Everything in the listing below must be set down again exactly, apart from the pictures.

LISTED RECORDS -
▼▼▼
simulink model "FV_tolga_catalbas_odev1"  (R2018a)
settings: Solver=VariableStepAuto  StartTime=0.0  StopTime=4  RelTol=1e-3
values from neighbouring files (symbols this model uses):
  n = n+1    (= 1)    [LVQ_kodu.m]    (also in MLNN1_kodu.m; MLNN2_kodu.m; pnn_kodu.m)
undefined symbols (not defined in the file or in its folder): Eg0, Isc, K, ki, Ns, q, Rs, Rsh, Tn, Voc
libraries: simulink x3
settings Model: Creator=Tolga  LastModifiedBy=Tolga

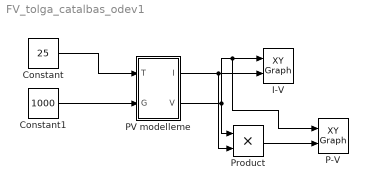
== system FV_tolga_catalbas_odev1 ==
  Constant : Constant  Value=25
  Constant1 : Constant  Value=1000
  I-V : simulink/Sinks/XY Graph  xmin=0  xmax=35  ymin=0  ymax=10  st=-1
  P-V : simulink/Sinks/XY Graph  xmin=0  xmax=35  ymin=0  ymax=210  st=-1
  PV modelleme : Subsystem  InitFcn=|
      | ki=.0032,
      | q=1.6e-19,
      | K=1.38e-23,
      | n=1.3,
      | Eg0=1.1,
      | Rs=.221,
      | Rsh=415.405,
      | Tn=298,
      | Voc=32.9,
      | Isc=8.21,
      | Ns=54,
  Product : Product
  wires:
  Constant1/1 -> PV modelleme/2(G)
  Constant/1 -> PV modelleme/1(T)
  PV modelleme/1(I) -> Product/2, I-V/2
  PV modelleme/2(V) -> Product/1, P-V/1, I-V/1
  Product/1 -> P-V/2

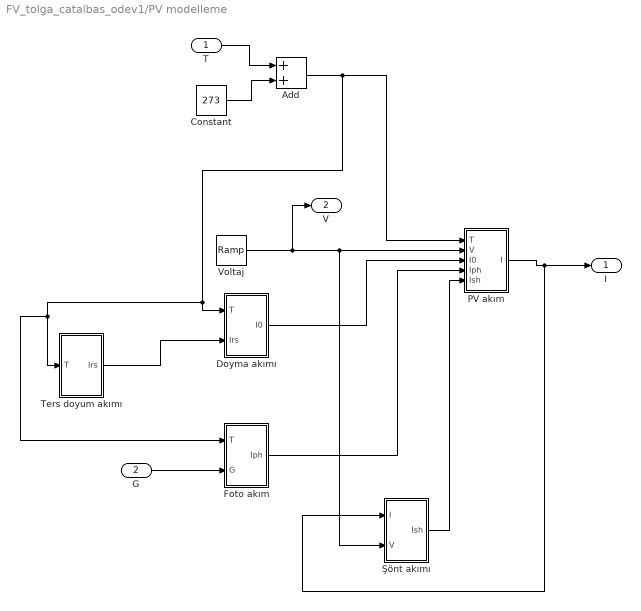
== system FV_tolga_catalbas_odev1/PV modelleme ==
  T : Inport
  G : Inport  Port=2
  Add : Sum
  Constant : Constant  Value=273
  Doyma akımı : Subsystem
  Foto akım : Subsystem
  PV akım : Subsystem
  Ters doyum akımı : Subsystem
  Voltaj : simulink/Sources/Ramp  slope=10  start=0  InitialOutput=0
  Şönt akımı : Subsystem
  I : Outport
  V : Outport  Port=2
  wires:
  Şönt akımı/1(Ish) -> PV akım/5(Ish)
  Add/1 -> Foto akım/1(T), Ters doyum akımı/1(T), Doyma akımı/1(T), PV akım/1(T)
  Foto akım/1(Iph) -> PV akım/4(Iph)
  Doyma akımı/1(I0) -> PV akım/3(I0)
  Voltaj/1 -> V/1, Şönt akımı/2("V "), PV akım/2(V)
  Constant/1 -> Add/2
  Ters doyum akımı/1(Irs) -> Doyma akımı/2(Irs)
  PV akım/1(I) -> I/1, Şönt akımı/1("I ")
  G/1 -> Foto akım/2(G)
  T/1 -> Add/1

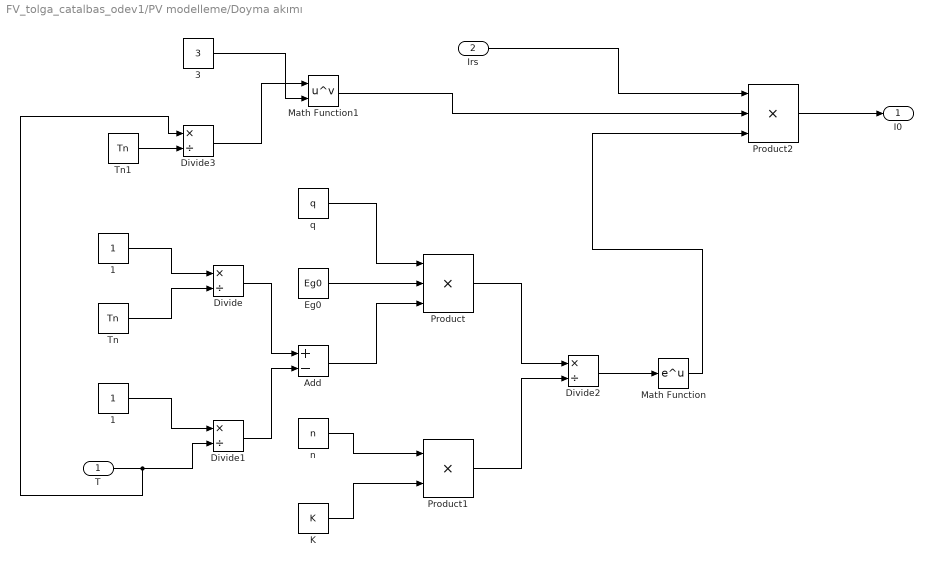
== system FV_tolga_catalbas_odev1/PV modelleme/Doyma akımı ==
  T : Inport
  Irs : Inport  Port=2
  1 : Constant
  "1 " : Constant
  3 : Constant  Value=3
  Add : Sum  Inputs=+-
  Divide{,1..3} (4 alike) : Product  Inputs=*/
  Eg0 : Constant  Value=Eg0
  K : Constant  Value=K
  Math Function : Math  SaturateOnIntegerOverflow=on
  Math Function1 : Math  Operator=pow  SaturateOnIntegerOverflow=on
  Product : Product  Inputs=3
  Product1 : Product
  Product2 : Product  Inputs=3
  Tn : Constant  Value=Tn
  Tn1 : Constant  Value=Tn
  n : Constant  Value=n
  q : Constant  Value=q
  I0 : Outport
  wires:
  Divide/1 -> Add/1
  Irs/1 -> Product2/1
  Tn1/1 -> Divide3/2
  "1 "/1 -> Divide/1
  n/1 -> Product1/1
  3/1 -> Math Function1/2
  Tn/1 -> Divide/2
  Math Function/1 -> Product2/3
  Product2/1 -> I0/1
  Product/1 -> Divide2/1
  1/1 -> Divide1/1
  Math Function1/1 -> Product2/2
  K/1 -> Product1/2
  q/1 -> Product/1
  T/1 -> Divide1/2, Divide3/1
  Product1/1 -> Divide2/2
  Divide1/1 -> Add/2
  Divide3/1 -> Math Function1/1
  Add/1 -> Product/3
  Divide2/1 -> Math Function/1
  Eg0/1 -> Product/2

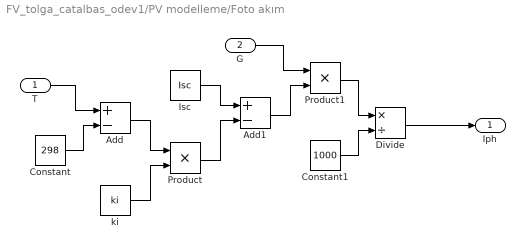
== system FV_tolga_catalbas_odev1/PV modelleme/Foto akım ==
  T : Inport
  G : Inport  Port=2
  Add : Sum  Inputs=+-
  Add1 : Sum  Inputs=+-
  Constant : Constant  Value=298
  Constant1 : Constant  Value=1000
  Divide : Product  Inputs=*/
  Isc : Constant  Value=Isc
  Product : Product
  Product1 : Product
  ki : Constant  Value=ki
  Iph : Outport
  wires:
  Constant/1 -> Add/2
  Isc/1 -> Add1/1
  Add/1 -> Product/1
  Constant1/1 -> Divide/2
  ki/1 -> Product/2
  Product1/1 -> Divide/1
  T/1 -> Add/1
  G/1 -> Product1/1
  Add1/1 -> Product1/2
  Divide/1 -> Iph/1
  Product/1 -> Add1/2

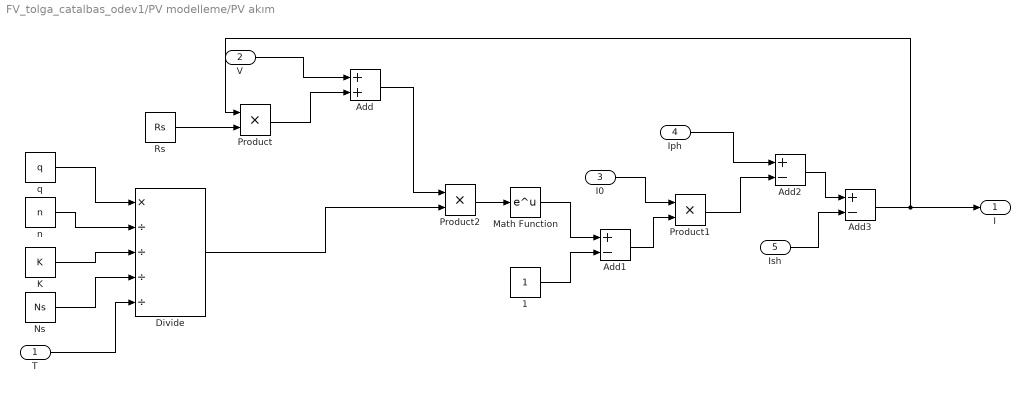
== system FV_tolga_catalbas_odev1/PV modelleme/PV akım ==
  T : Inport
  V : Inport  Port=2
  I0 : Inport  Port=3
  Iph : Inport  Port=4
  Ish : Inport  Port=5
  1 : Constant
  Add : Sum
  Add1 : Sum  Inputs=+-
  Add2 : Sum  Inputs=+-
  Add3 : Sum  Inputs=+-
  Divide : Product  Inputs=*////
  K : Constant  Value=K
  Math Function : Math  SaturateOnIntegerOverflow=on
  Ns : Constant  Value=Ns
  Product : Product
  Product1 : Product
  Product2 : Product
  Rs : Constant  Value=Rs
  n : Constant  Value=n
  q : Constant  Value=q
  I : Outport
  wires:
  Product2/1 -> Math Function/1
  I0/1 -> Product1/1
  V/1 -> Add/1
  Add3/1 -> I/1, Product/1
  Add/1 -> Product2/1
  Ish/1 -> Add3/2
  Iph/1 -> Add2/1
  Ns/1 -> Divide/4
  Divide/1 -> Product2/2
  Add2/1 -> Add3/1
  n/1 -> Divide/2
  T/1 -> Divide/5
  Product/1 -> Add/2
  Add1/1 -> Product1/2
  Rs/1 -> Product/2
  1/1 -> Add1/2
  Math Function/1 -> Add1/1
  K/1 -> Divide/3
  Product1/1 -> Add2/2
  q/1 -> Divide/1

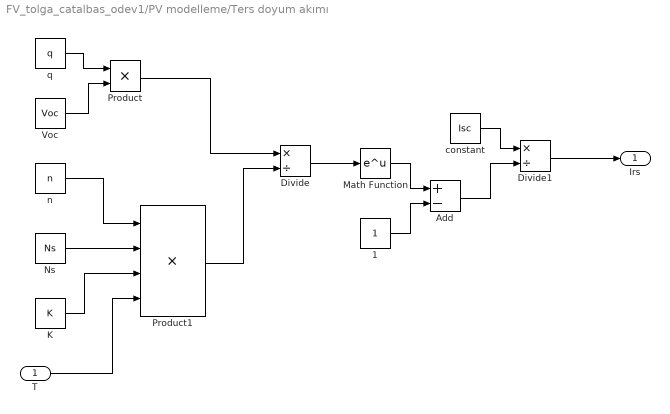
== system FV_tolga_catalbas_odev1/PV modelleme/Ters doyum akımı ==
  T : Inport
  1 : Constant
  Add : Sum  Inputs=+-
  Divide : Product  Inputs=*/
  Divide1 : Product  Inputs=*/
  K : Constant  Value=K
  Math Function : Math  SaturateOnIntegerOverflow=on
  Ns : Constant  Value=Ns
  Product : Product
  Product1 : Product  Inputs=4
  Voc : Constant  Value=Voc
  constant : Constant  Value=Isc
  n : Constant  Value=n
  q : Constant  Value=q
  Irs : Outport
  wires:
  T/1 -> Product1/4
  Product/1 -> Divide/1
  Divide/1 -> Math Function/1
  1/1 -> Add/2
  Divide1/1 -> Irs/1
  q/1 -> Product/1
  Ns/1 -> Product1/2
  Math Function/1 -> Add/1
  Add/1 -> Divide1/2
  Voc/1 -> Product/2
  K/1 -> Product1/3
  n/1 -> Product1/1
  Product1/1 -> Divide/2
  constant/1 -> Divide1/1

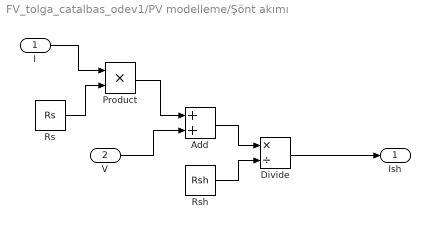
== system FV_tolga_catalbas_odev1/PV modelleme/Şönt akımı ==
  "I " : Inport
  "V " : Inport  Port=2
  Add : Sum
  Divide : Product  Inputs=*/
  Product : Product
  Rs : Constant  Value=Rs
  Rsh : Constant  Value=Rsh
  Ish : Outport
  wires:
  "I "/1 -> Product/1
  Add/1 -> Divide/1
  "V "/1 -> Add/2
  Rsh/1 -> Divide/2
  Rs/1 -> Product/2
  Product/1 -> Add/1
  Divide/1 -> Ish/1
▲▲▲
ANSWER FOR THE TASK -
simulink model "FV_tolga_catalbas_odev1"  (R2018a)
settings: Solver=VariableStepAuto  StartTime=0.0  StopTime=4  RelTol=1e-3
values from neighbouring files (symbols this model uses):
  n = n+1    (= 1)    [LVQ_kodu.m]    (also in MLNN1_kodu.m; MLNN2_kodu.m; pnn_kodu.m)
undefined symbols (not defined in the file or in its folder): Eg0, Isc, K, ki, Ns, q, Rs, Rsh, Tn, Voc
libraries: simulink x3
settings Model: Creator=Tolga  LastModifiedBy=Tolga

== system FV_tolga_catalbas_odev1 ==
  Constant : Constant  Value=25
  Constant1 : Constant  Value=1000
  I-V : simulink/Sinks/XY Graph  xmin=0  xmax=35  ymin=0  ymax=10  st=-1
  P-V : simulink/Sinks/XY Graph  xmin=0  xmax=35  ymin=0  ymax=210  st=-1
  PV modelleme : Subsystem  InitFcn=|
      | ki=.0032,
      | q=1.6e-19,
      | K=1.38e-23,
      | n=1.3,
      | Eg0=1.1,
      | Rs=.221,
      | Rsh=415.405,
      | Tn=298,
      | Voc=32.9,
      | Isc=8.21,
      | Ns=54,
  Product : Product
  wires:
  Constant1/1 -> PV modelleme/2(G)
  Constant/1 -> PV modelleme/1(T)
  PV modelleme/1(I) -> Product/2, I-V/2
  PV modelleme/2(V) -> Product/1, P-V/1, I-V/1
  Product/1 -> P-V/2

== system FV_tolga_catalbas_odev1/PV modelleme ==
  T : Inport
  G : Inport  Port=2
  Add : Sum
  Constant : Constant  Value=273
  Doyma akımı : Subsystem
  Foto akım : Subsystem
  PV akım : Subsystem
  Ters doyum akımı : Subsystem
  Voltaj : simulink/Sources/Ramp  slope=10  start=0  InitialOutput=0
  Şönt akımı : Subsystem
  I : Outport
  V : Outport  Port=2
  wires:
  Şönt akımı/1(Ish) -> PV akım/5(Ish)
  Add/1 -> Foto akım/1(T), Ters doyum akımı/1(T), Doyma akımı/1(T), PV akım/1(T)
  Foto akım/1(Iph) -> PV akım/4(Iph)
  Doyma akımı/1(I0) -> PV akım/3(I0)
  Voltaj/1 -> V/1, Şönt akımı/2("V "), PV akım/2(V)
  Constant/1 -> Add/2
  Ters doyum akımı/1(Irs) -> Doyma akımı/2(Irs)
  PV akım/1(I) -> I/1, Şönt akımı/1("I ")
  G/1 -> Foto akım/2(G)
  T/1 -> Add/1

== system FV_tolga_catalbas_odev1/PV modelleme/Doyma akımı ==
  T : Inport
  Irs : Inport  Port=2
  1 : Constant
  "1 " : Constant
  3 : Constant  Value=3
  Add : Sum  Inputs=+-
  Divide{,1..3} (4 alike) : Product  Inputs=*/
  Eg0 : Constant  Value=Eg0
  K : Constant  Value=K
  Math Function : Math  SaturateOnIntegerOverflow=on
  Math Function1 : Math  Operator=pow  SaturateOnIntegerOverflow=on
  Product : Product  Inputs=3
  Product1 : Product
  Product2 : Product  Inputs=3
  Tn : Constant  Value=Tn
  Tn1 : Constant  Value=Tn
  n : Constant  Value=n
  q : Constant  Value=q
  I0 : Outport
  wires:
  Divide/1 -> Add/1
  Irs/1 -> Product2/1
  Tn1/1 -> Divide3/2
  "1 "/1 -> Divide/1
  n/1 -> Product1/1
  3/1 -> Math Function1/2
  Tn/1 -> Divide/2
  Math Function/1 -> Product2/3
  Product2/1 -> I0/1
  Product/1 -> Divide2/1
  1/1 -> Divide1/1
  Math Function1/1 -> Product2/2
  K/1 -> Product1/2
  q/1 -> Product/1
  T/1 -> Divide1/2, Divide3/1
  Product1/1 -> Divide2/2
  Divide1/1 -> Add/2
  Divide3/1 -> Math Function1/1
  Add/1 -> Product/3
  Divide2/1 -> Math Function/1
  Eg0/1 -> Product/2

== system FV_tolga_catalbas_odev1/PV modelleme/Foto akım ==
  T : Inport
  G : Inport  Port=2
  Add : Sum  Inputs=+-
  Add1 : Sum  Inputs=+-
  Constant : Constant  Value=298
  Constant1 : Constant  Value=1000
  Divide : Product  Inputs=*/
  Isc : Constant  Value=Isc
  Product : Product
  Product1 : Product
  ki : Constant  Value=ki
  Iph : Outport
  wires:
  Constant/1 -> Add/2
  Isc/1 -> Add1/1
  Add/1 -> Product/1
  Constant1/1 -> Divide/2
  ki/1 -> Product/2
  Product1/1 -> Divide/1
  T/1 -> Add/1
  G/1 -> Product1/1
  Add1/1 -> Product1/2
  Divide/1 -> Iph/1
  Product/1 -> Add1/2

== system FV_tolga_catalbas_odev1/PV modelleme/PV akım ==
  T : Inport
  V : Inport  Port=2
  I0 : Inport  Port=3
  Iph : Inport  Port=4
  Ish : Inport  Port=5
  1 : Constant
  Add : Sum
  Add1 : Sum  Inputs=+-
  Add2 : Sum  Inputs=+-
  Add3 : Sum  Inputs=+-
  Divide : Product  Inputs=*////
  K : Constant  Value=K
  Math Function : Math  SaturateOnIntegerOverflow=on
  Ns : Constant  Value=Ns
  Product : Product
  Product1 : Product
  Product2 : Product
  Rs : Constant  Value=Rs
  n : Constant  Value=n
  q : Constant  Value=q
  I : Outport
  wires:
  Product2/1 -> Math Function/1
  I0/1 -> Product1/1
  V/1 -> Add/1
  Add3/1 -> I/1, Product/1
  Add/1 -> Product2/1
  Ish/1 -> Add3/2
  Iph/1 -> Add2/1
  Ns/1 -> Divide/4
  Divide/1 -> Product2/2
  Add2/1 -> Add3/1
  n/1 -> Divide/2
  T/1 -> Divide/5
  Product/1 -> Add/2
  Add1/1 -> Product1/2
  Rs/1 -> Product/2
  1/1 -> Add1/2
  Math Function/1 -> Add1/1
  K/1 -> Divide/3
  Product1/1 -> Add2/2
  q/1 -> Divide/1

== system FV_tolga_catalbas_odev1/PV modelleme/Ters doyum akımı ==
  T : Inport
  1 : Constant
  Add : Sum  Inputs=+-
  Divide : Product  Inputs=*/
  Divide1 : Product  Inputs=*/
  K : Constant  Value=K
  Math Function : Math  SaturateOnIntegerOverflow=on
  Ns : Constant  Value=Ns
  Product : Product
  Product1 : Product  Inputs=4
  Voc : Constant  Value=Voc
  constant : Constant  Value=Isc
  n : Constant  Value=n
  q : Constant  Value=q
  Irs : Outport
  wires:
  T/1 -> Product1/4
  Product/1 -> Divide/1
  Divide/1 -> Math Function/1
  1/1 -> Add/2
  Divide1/1 -> Irs/1
  q/1 -> Product/1
  Ns/1 -> Product1/2
  Math Function/1 -> Add/1
  Add/1 -> Divide1/2
  Voc/1 -> Product/2
  K/1 -> Product1/3
  n/1 -> Product1/1
  Product1/1 -> Divide/2
  constant/1 -> Divide1/1

== system FV_tolga_catalbas_odev1/PV modelleme/Şönt akımı ==
  "I " : Inport
  "V " : Inport  Port=2
  Add : Sum
  Divide : Product  Inputs=*/
  Product : Product
  Rs : Constant  Value=Rs
  Rsh : Constant  Value=Rsh
  Ish : Outport
  wires:
  "I "/1 -> Product/1
  Add/1 -> Divide/1
  "V "/1 -> Add/2
  Rsh/1 -> Divide/2
  Rs/1 -> Product/2
  Product/1 -> Add/1
  Divide/1 -> Ish/1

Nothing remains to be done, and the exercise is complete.